[Task]
Read through the data and report every line in which the word "both" occurs.
[[ Record excerpts, beginning ]]
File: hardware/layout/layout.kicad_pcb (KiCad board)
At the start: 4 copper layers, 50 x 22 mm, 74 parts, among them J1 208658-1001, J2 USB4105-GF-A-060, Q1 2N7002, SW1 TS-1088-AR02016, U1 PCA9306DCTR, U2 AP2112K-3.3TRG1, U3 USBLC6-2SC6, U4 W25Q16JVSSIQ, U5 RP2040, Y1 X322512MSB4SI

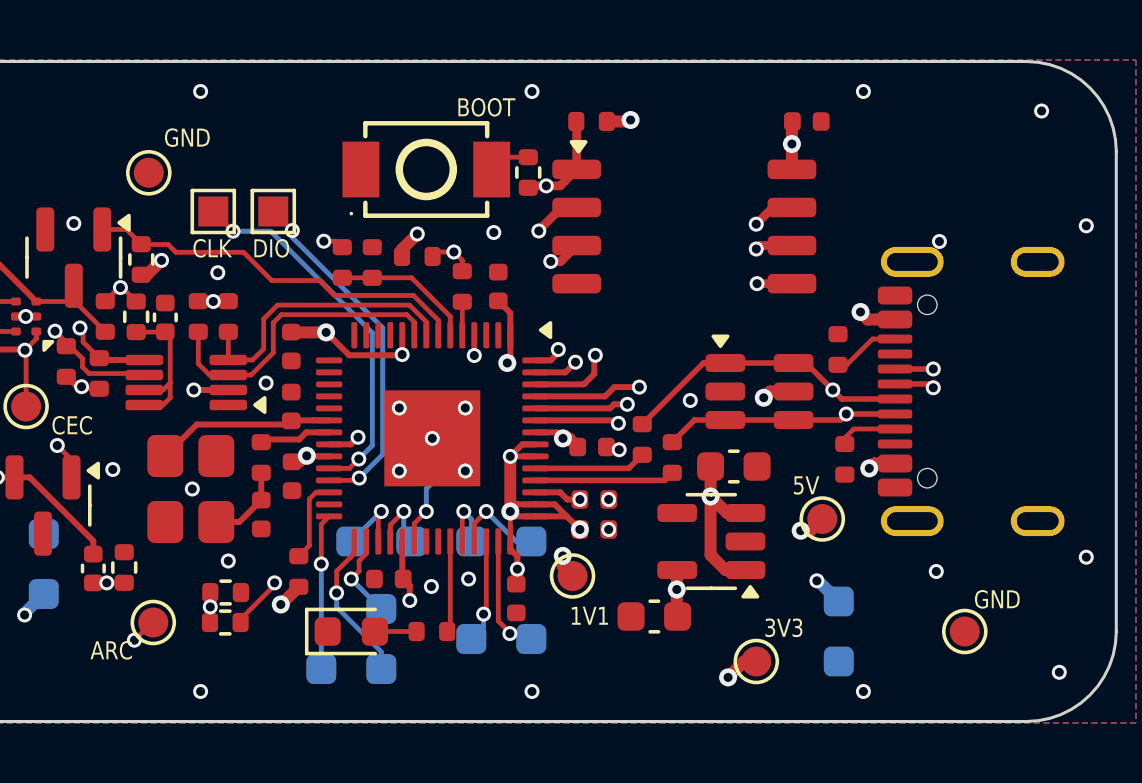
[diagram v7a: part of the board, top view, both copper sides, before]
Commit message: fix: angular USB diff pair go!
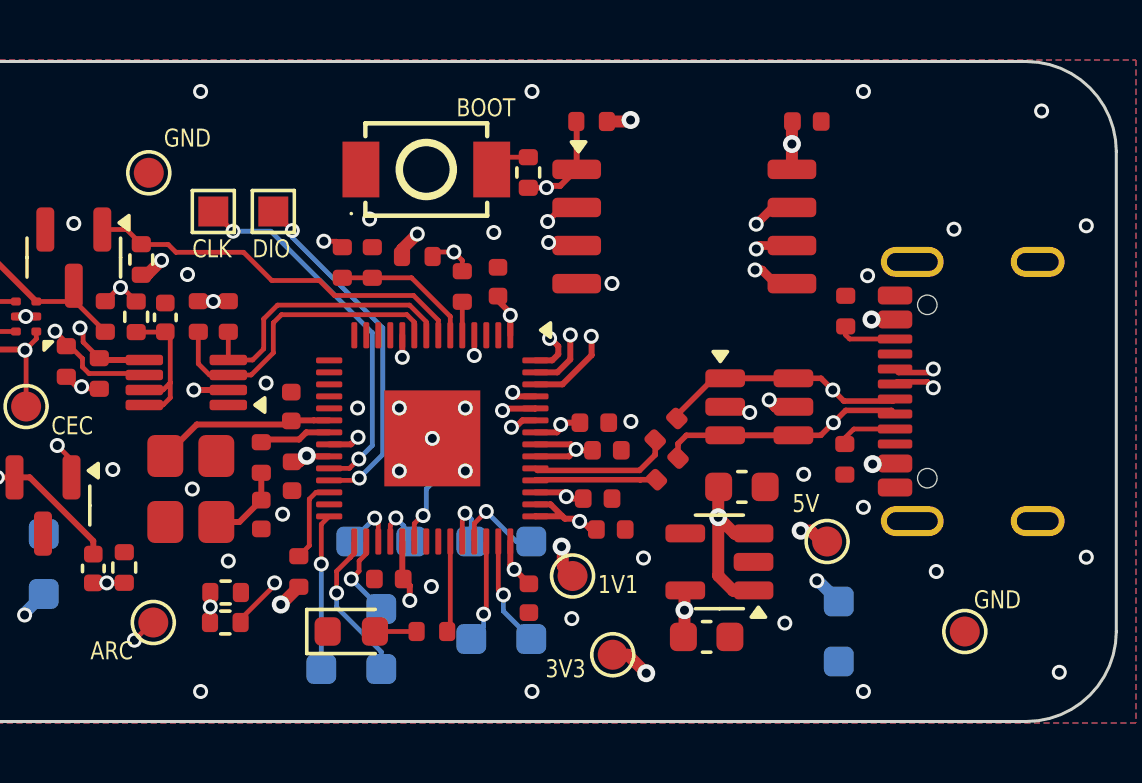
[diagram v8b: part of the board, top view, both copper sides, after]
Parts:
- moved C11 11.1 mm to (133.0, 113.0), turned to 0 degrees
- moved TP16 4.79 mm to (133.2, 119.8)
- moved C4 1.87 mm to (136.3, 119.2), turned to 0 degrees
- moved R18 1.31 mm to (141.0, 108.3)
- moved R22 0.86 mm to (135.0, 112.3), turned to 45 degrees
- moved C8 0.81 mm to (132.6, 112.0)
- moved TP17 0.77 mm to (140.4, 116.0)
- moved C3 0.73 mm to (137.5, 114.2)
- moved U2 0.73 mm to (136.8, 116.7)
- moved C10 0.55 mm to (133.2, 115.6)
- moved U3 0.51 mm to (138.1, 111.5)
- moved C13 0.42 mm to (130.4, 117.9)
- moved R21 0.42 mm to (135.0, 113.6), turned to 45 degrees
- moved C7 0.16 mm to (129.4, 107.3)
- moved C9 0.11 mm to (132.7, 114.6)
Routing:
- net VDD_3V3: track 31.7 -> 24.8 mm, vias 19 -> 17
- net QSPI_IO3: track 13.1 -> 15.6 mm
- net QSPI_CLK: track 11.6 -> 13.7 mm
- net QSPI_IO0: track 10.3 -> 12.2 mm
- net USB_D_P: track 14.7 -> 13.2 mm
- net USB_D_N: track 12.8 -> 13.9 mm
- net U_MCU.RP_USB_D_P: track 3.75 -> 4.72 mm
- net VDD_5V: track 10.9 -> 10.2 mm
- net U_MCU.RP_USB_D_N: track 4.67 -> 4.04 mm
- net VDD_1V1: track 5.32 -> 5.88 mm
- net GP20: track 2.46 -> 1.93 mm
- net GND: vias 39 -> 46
[[ Record excerpts, end ]]
[Answer below]
[diagram v7a: part of the board, top view, both copper sides, before]
[diagram v8b: part of the board, top view, both copper sides, after]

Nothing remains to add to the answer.